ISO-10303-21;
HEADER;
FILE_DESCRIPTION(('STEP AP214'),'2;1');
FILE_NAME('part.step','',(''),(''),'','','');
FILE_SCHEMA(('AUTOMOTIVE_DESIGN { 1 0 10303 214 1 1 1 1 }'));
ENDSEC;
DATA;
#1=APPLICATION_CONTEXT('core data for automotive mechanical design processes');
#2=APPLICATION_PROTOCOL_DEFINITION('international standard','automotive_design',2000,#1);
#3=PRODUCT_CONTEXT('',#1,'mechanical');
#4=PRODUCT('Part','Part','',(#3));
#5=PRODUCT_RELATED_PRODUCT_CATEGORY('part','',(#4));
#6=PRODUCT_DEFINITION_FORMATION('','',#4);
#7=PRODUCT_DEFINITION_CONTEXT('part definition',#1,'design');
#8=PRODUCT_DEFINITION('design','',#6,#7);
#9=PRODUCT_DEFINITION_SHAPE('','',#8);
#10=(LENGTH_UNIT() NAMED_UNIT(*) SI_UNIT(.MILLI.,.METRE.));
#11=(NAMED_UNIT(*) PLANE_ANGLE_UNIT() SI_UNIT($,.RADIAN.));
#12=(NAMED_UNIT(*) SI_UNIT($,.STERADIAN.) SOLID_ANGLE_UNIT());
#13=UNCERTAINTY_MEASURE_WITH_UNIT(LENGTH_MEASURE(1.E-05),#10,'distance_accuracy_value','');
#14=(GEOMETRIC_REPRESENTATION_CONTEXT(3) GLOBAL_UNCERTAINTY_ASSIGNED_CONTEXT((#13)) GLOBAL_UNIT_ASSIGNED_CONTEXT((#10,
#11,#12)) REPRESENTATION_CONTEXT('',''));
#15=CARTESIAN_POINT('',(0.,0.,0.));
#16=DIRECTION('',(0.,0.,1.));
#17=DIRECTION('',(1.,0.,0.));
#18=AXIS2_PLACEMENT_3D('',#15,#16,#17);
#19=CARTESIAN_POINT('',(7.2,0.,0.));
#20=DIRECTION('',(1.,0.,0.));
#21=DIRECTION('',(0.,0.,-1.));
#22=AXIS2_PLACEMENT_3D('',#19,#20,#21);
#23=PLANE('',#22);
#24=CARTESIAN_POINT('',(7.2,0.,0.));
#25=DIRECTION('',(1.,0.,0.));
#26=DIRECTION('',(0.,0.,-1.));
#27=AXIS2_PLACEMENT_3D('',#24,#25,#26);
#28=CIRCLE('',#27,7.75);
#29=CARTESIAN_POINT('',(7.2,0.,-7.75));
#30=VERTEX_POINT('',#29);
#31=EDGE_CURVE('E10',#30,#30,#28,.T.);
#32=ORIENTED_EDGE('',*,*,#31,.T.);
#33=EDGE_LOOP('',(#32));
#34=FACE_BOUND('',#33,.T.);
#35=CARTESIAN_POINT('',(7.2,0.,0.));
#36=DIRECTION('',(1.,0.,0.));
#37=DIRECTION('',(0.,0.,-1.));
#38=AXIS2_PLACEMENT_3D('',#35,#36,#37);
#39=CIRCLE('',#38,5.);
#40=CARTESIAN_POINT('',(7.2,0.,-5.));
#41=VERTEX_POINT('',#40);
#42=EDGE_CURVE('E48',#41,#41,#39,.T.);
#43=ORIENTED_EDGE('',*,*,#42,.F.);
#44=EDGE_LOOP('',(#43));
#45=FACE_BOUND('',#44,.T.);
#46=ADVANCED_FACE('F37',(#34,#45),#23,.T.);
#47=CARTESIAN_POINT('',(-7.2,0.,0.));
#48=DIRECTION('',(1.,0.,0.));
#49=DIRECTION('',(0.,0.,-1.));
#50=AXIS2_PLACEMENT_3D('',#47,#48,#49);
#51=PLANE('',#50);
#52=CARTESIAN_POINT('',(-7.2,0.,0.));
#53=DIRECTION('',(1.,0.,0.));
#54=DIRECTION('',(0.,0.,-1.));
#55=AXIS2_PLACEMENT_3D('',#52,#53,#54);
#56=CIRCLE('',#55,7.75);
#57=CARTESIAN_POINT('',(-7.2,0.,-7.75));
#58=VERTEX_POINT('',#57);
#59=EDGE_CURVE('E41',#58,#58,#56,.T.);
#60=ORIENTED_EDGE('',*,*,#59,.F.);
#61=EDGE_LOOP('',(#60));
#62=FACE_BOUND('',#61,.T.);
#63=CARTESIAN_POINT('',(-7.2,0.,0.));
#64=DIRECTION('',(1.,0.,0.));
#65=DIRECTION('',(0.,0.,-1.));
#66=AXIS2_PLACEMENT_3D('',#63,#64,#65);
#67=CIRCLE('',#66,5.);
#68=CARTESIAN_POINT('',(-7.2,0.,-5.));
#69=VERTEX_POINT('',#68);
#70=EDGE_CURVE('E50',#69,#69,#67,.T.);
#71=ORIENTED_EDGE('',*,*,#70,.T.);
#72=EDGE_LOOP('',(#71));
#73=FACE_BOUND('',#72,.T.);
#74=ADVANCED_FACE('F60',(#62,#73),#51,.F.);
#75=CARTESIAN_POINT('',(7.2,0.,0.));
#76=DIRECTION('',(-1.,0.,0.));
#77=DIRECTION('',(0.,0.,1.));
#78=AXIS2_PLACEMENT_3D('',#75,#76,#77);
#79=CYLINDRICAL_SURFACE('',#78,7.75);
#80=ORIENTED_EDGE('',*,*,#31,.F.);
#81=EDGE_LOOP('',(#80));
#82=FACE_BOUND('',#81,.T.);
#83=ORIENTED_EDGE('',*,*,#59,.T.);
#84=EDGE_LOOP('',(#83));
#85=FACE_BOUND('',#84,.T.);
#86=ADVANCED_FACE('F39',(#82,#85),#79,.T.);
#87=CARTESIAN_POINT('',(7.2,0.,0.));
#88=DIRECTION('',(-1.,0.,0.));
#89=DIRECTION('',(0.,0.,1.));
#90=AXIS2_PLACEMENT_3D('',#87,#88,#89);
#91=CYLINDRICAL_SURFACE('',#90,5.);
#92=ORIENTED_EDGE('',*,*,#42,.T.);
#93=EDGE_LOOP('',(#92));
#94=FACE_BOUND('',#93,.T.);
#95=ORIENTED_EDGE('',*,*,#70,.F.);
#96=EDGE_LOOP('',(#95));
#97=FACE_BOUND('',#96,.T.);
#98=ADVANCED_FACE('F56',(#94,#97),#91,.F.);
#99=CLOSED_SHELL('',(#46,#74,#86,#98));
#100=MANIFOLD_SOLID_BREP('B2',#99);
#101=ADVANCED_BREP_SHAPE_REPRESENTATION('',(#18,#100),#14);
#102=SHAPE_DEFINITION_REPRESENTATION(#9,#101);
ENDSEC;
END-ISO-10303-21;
☆ ☆ ☆ ☆ ☆
=== ASSIGNED TASK ===
What you give back must be the stretch above, starting at the line with "#59=EDGE_CURVE('E41',#58,#58,#56,.T.);" and ending at the line with "#73=FACE_BOUND('',#72,.T.);", copied exactly.

=== SOLUTION TO THIS TASK ===
#59=EDGE_CURVE('E41',#58,#58,#56,.T.);
#60=ORIENTED_EDGE('',*,*,#59,.F.);
#61=EDGE_LOOP('',(#60));
#62=FACE_BOUND('',#61,.T.);
#63=CARTESIAN_POINT('',(-7.2,0.,0.));
#64=DIRECTION('',(1.,0.,0.));
#65=DIRECTION('',(0.,0.,-1.));
#66=AXIS2_PLACEMENT_3D('',#63,#64,#65);
#67=CIRCLE('',#66,5.);
#68=CARTESIAN_POINT('',(-7.2,0.,-5.));
#69=VERTEX_POINT('',#68);
#70=EDGE_CURVE('E50',#69,#69,#67,.T.);
#71=ORIENTED_EDGE('',*,*,#70,.T.);
#72=EDGE_LOOP('',(#71));
#73=FACE_BOUND('',#72,.T.);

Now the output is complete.